**Prompt**. Somewhere below are a line with "#53=EDGE_LOOP('',(#52));" and a later line with "#62=EDGE_CURVE('E38',#61,#61,#59,.T.);". Output exactly those lines and all lines between them.

**Supplied records**.
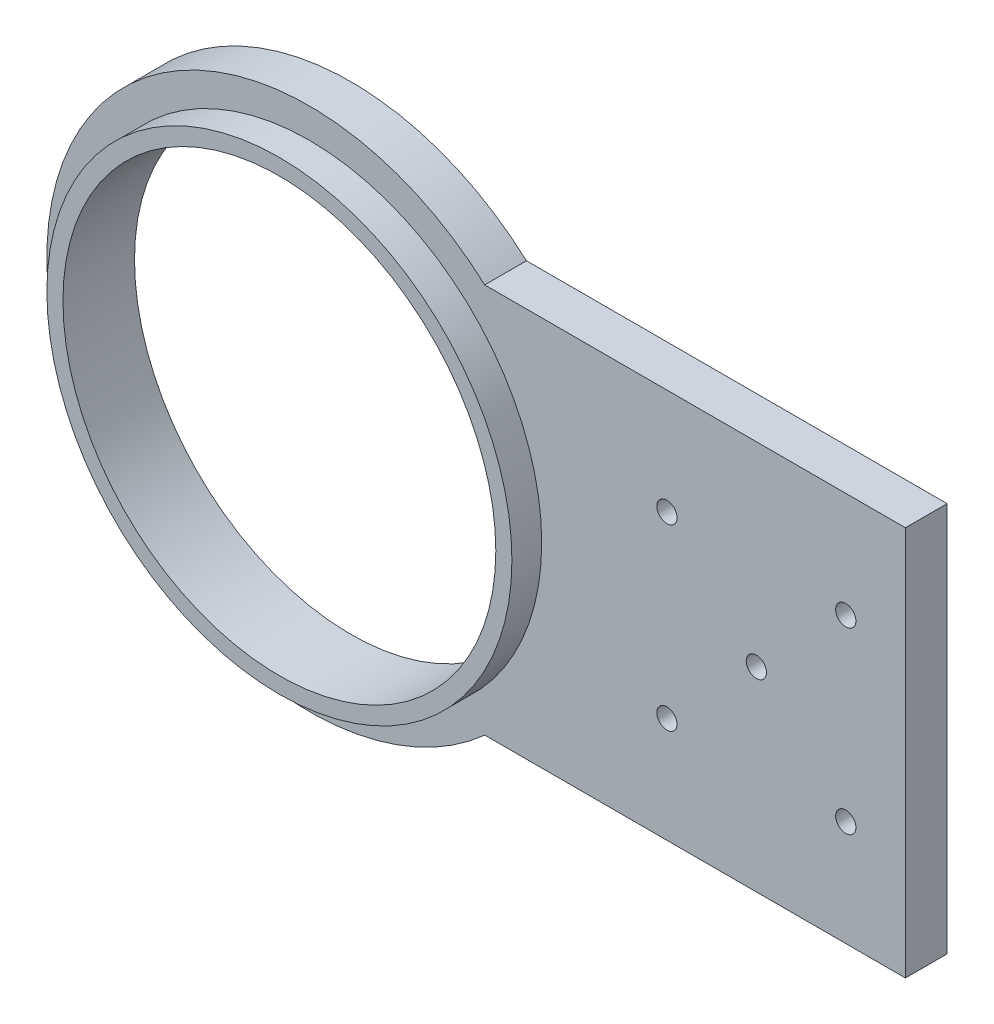
ISO-10303-21;
HEADER;
FILE_DESCRIPTION(('STEP AP214'),'2;1');
FILE_NAME('part.step','',(''),(''),'','','');
FILE_SCHEMA(('AUTOMOTIVE_DESIGN { 1 0 10303 214 1 1 1 1 }'));
ENDSEC;
DATA;
#1=APPLICATION_CONTEXT('core data for automotive mechanical design processes');
#2=APPLICATION_PROTOCOL_DEFINITION('international standard','automotive_design',2000,#1);
#3=PRODUCT_CONTEXT('',#1,'mechanical');
#4=PRODUCT('Part','Part','',(#3));
#5=PRODUCT_RELATED_PRODUCT_CATEGORY('part','',(#4));
#6=PRODUCT_DEFINITION_FORMATION('','',#4);
#7=PRODUCT_DEFINITION_CONTEXT('part definition',#1,'design');
#8=PRODUCT_DEFINITION('design','',#6,#7);
#9=PRODUCT_DEFINITION_SHAPE('','',#8);
#10=(LENGTH_UNIT() NAMED_UNIT(*) SI_UNIT(.MILLI.,.METRE.));
#11=(NAMED_UNIT(*) PLANE_ANGLE_UNIT() SI_UNIT($,.RADIAN.));
#12=(NAMED_UNIT(*) SI_UNIT($,.STERADIAN.) SOLID_ANGLE_UNIT());
#13=UNCERTAINTY_MEASURE_WITH_UNIT(LENGTH_MEASURE(1.E-05),#10,'distance_accuracy_value','');
#14=(GEOMETRIC_REPRESENTATION_CONTEXT(3) GLOBAL_UNCERTAINTY_ASSIGNED_CONTEXT((#13)) GLOBAL_UNIT_ASSIGNED_CONTEXT((#10,
#11,#12)) REPRESENTATION_CONTEXT('',''));
#15=CARTESIAN_POINT('',(0.,0.,0.));
#16=DIRECTION('',(0.,0.,1.));
#17=DIRECTION('',(1.,0.,0.));
#18=AXIS2_PLACEMENT_3D('',#15,#16,#17);
#19=CARTESIAN_POINT('',(0.,0.,2.5));
#20=DIRECTION('',(0.,0.,1.));
#21=DIRECTION('',(1.,0.,0.));
#22=AXIS2_PLACEMENT_3D('',#19,#20,#21);
#23=PLANE('',#22);
#24=CARTESIAN_POINT('',(0.,0.,2.5));
#25=DIRECTION('',(0.,0.,1.));
#26=DIRECTION('',(1.,0.,0.));
#27=AXIS2_PLACEMENT_3D('',#24,#25,#26);
#28=CIRCLE('',#27,39.);
#29=CARTESIAN_POINT('',(39.,0.,2.5));
#30=VERTEX_POINT('',#29);
#31=EDGE_CURVE('E11',#30,#30,#28,.T.);
#32=ORIENTED_EDGE('',*,*,#31,.T.);
#33=EDGE_LOOP('',(#32));
#34=FACE_BOUND('',#33,.T.);
#35=CARTESIAN_POINT('',(0.,0.,2.5));
#36=DIRECTION('',(0.,0.,1.));
#37=DIRECTION('',(1.,0.,0.));
#38=AXIS2_PLACEMENT_3D('',#35,#36,#37);
#39=CIRCLE('',#38,36.3);
#40=CARTESIAN_POINT('',(36.3,0.,2.5));
#41=VERTEX_POINT('',#40);
#42=EDGE_CURVE('E43',#41,#41,#39,.T.);
#43=ORIENTED_EDGE('',*,*,#42,.F.);
#44=EDGE_LOOP('',(#43));
#45=FACE_BOUND('',#44,.T.);
#46=ADVANCED_FACE('F34',(#34,#45),#23,.T.);
#47=CARTESIAN_POINT('',(0.,0.,2.5));
#48=DIRECTION('',(0.,0.,-1.));
#49=DIRECTION('',(-1.,0.,0.));
#50=AXIS2_PLACEMENT_3D('',#47,#48,#49);
#51=CYLINDRICAL_SURFACE('',#50,39.);
#52=ORIENTED_EDGE('',*,*,#31,.F.);
#53=EDGE_LOOP('',(#52));
#54=FACE_BOUND('',#53,.T.);
#55=CARTESIAN_POINT('',(0.,0.,-2.5));
#56=DIRECTION('',(0.,0.,1.));
#57=DIRECTION('',(1.,0.,0.));
#58=AXIS2_PLACEMENT_3D('',#55,#56,#57);
#59=CIRCLE('',#58,39.);
#60=CARTESIAN_POINT('',(39.,0.,-2.5));
#61=VERTEX_POINT('',#60);
#62=EDGE_CURVE('E38',#61,#61,#59,.T.);
#63=ORIENTED_EDGE('',*,*,#62,.T.);
#64=EDGE_LOOP('',(#63));
#65=FACE_BOUND('',#64,.T.);
#66=ADVANCED_FACE('F36',(#54,#65),#51,.T.);
#67=CARTESIAN_POINT('',(0.,0.,2.5));
#68=DIRECTION('',(0.,0.,-1.));
#69=DIRECTION('',(-1.,0.,0.));
#70=AXIS2_PLACEMENT_3D('',#67,#68,#69);
#71=CYLINDRICAL_SURFACE('',#70,36.3);
#72=ORIENTED_EDGE('',*,*,#42,.T.);
#73=EDGE_LOOP('',(#72));
#74=FACE_BOUND('',#73,.T.);
#75=CARTESIAN_POINT('',(0.,0.,-9.5));
#76=DIRECTION('',(0.,0.,-1.));
#77=DIRECTION('',(-1.,0.,0.));
#78=AXIS2_PLACEMENT_3D('',#75,#76,#77);
#79=CIRCLE('',#78,36.3);
#80=CARTESIAN_POINT('',(-36.3,0.,-9.5));
#81=VERTEX_POINT('',#80);
#82=EDGE_CURVE('E101',#81,#81,#79,.T.);
#83=ORIENTED_EDGE('',*,*,#82,.T.);
#84=EDGE_LOOP('',(#83));
#85=FACE_BOUND('',#84,.T.);
#86=ADVANCED_FACE('F124',(#74,#85),#71,.F.);
#87=CARTESIAN_POINT('',(0.,0.,-9.5));
#88=DIRECTION('',(0.,0.,-1.));
#89=DIRECTION('',(-1.,0.,0.));
#90=AXIS2_PLACEMENT_3D('',#87,#88,#89);
#91=PLANE('',#90);
#92=CARTESIAN_POINT('',(75.,0.,-9.5));
#93=DIRECTION('',(0.,0.,-1.));
#94=DIRECTION('',(-1.,0.,0.));
#95=AXIS2_PLACEMENT_3D('',#92,#93,#94);
#96=CIRCLE('',#95,3.5);
#97=CARTESIAN_POINT('',(71.5,0.,-9.5));
#98=VERTEX_POINT('',#97);
#99=EDGE_CURVE('E395',#98,#98,#96,.T.);
#100=ORIENTED_EDGE('',*,*,#99,.F.);
#101=EDGE_LOOP('',(#100));
#102=FACE_BOUND('',#101,.T.);
#103=CARTESIAN_POINT('',(90.,15.,-9.5));
#104=DIRECTION('',(0.,0.,-1.));
#105=DIRECTION('',(-1.,0.,0.));
#106=AXIS2_PLACEMENT_3D('',#103,#104,#105);
#107=CIRCLE('',#106,3.49999999999999);
#108=CARTESIAN_POINT('',(86.5,15.,-9.5));
#109=VERTEX_POINT('',#108);
#110=EDGE_CURVE('E384',#109,#109,#107,.T.);
#111=ORIENTED_EDGE('',*,*,#110,.F.);
#112=EDGE_LOOP('',(#111));
#113=FACE_BOUND('',#112,.T.);
#114=CARTESIAN_POINT('',(60.,-15.,-9.5));
#115=DIRECTION('',(0.,0.,-1.));
#116=DIRECTION('',(-1.,0.,0.));
#117=AXIS2_PLACEMENT_3D('',#114,#115,#116);
#118=CIRCLE('',#117,3.49999999999999);
#119=CARTESIAN_POINT('',(56.5,-15.,-9.5));
#120=VERTEX_POINT('',#119);
#121=EDGE_CURVE('E372',#120,#120,#118,.T.);
#122=ORIENTED_EDGE('',*,*,#121,.F.);
#123=EDGE_LOOP('',(#122));
#124=FACE_BOUND('',#123,.T.);
#125=CARTESIAN_POINT('',(60.,15.,-9.5));
#126=DIRECTION('',(0.,0.,-1.));
#127=DIRECTION('',(-1.,0.,0.));
#128=AXIS2_PLACEMENT_3D('',#125,#126,#127);
#129=CIRCLE('',#128,3.49999999999999);
#130=CARTESIAN_POINT('',(56.5,15.,-9.5));
#131=VERTEX_POINT('',#130);
#132=EDGE_CURVE('E360',#131,#131,#129,.T.);
#133=ORIENTED_EDGE('',*,*,#132,.F.);
#134=EDGE_LOOP('',(#133));
#135=FACE_BOUND('',#134,.T.);
#136=CARTESIAN_POINT('',(90.,-15.,-9.5));
#137=DIRECTION('',(0.,0.,-1.));
#138=DIRECTION('',(-1.,0.,0.));
#139=AXIS2_PLACEMENT_3D('',#136,#137,#138);
#140=CIRCLE('',#139,3.49999999999999);
#141=CARTESIAN_POINT('',(86.5,-15.,-9.5));
#142=VERTEX_POINT('',#141);
#143=EDGE_CURVE('E348',#142,#142,#140,.T.);
#144=ORIENTED_EDGE('',*,*,#143,.F.);
#145=EDGE_LOOP('',(#144));
#146=FACE_BOUND('',#145,.T.);
#147=CARTESIAN_POINT('',(0.,0.,-9.5));
#148=DIRECTION('',(0.,0.,-1.));
#149=DIRECTION('',(-1.,0.,0.));
#150=AXIS2_PLACEMENT_3D('',#147,#148,#149);
#151=CIRCLE('',#150,44.);
#152=CARTESIAN_POINT('',(29.4399388586322,-32.7,-9.5));
#153=VERTEX_POINT('',#152);
#154=CARTESIAN_POINT('',(29.4399388586322,32.7,-9.5));
#155=VERTEX_POINT('',#154);
#156=EDGE_CURVE('E96',#153,#155,#151,.T.);
#157=ORIENTED_EDGE('',*,*,#156,.T.);
#158=DIRECTION('',(1.,0.,0.));
#159=VECTOR('',#158,1.);
#160=CARTESIAN_POINT('',(0.,32.7,-9.5));
#161=LINE('',#160,#159);
#162=CARTESIAN_POINT('',(100.,32.7,-9.5));
#163=VERTEX_POINT('',#162);
#164=EDGE_CURVE('E331',#155,#163,#161,.T.);
#165=ORIENTED_EDGE('',*,*,#164,.T.);
#166=DIRECTION('',(0.,-1.,0.));
#167=VECTOR('',#166,1.);
#168=CARTESIAN_POINT('',(100.,0.,-9.5));
#169=LINE('',#168,#167);
#170=CARTESIAN_POINT('',(100.,-32.7,-9.5));
#171=VERTEX_POINT('',#170);
#172=EDGE_CURVE('E327',#163,#171,#169,.T.);
#173=ORIENTED_EDGE('',*,*,#172,.T.);
#174=DIRECTION('',(-1.,0.,0.));
#175=VECTOR('',#174,1.);
#176=CARTESIAN_POINT('',(0.,-32.7,-9.5));
#177=LINE('',#176,#175);
#178=EDGE_CURVE('E50',#171,#153,#177,.T.);
#179=ORIENTED_EDGE('',*,*,#178,.T.);
#180=EDGE_LOOP('',(#157,#165,#173,#179));
#181=FACE_BOUND('',#180,.T.);
#182=ORIENTED_EDGE('',*,*,#82,.F.);
#183=EDGE_LOOP('',(#182));
#184=FACE_BOUND('',#183,.T.);
#185=ADVANCED_FACE('F115',(#102,#113,#124,#135,#146,#181,#184),#91,.T.);
#186=CARTESIAN_POINT('',(0.,0.,-2.5));
#187=DIRECTION('',(0.,0.,-1.));
#188=DIRECTION('',(-1.,0.,0.));
#189=AXIS2_PLACEMENT_3D('',#186,#187,#188);
#190=PLANE('',#189);
#191=CARTESIAN_POINT('',(75.,0.,-2.5));
#192=DIRECTION('',(0.,0.,-1.));
#193=DIRECTION('',(-1.,0.,0.));
#194=AXIS2_PLACEMENT_3D('',#191,#192,#193);
#195=CIRCLE('',#194,1.7);
#196=CARTESIAN_POINT('',(73.3,0.,-2.5));
#197=VERTEX_POINT('',#196);
#198=EDGE_CURVE('E387',#197,#197,#195,.T.);
#199=ORIENTED_EDGE('',*,*,#198,.T.);
#200=EDGE_LOOP('',(#199));
#201=FACE_BOUND('',#200,.T.);
#202=CARTESIAN_POINT('',(90.,15.,-2.5));
#203=DIRECTION('',(0.,0.,-1.));
#204=DIRECTION('',(-1.,0.,0.));
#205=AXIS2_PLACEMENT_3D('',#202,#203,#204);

**Task output**.
#53=EDGE_LOOP('',(#52));
#54=FACE_BOUND('',#53,.T.);
#55=CARTESIAN_POINT('',(0.,0.,-2.5));
#56=DIRECTION('',(0.,0.,1.));
#57=DIRECTION('',(1.,0.,0.));
#58=AXIS2_PLACEMENT_3D('',#55,#56,#57);
#59=CIRCLE('',#58,39.);
#60=CARTESIAN_POINT('',(39.,0.,-2.5));
#61=VERTEX_POINT('',#60);
#62=EDGE_CURVE('E38',#61,#61,#59,.T.);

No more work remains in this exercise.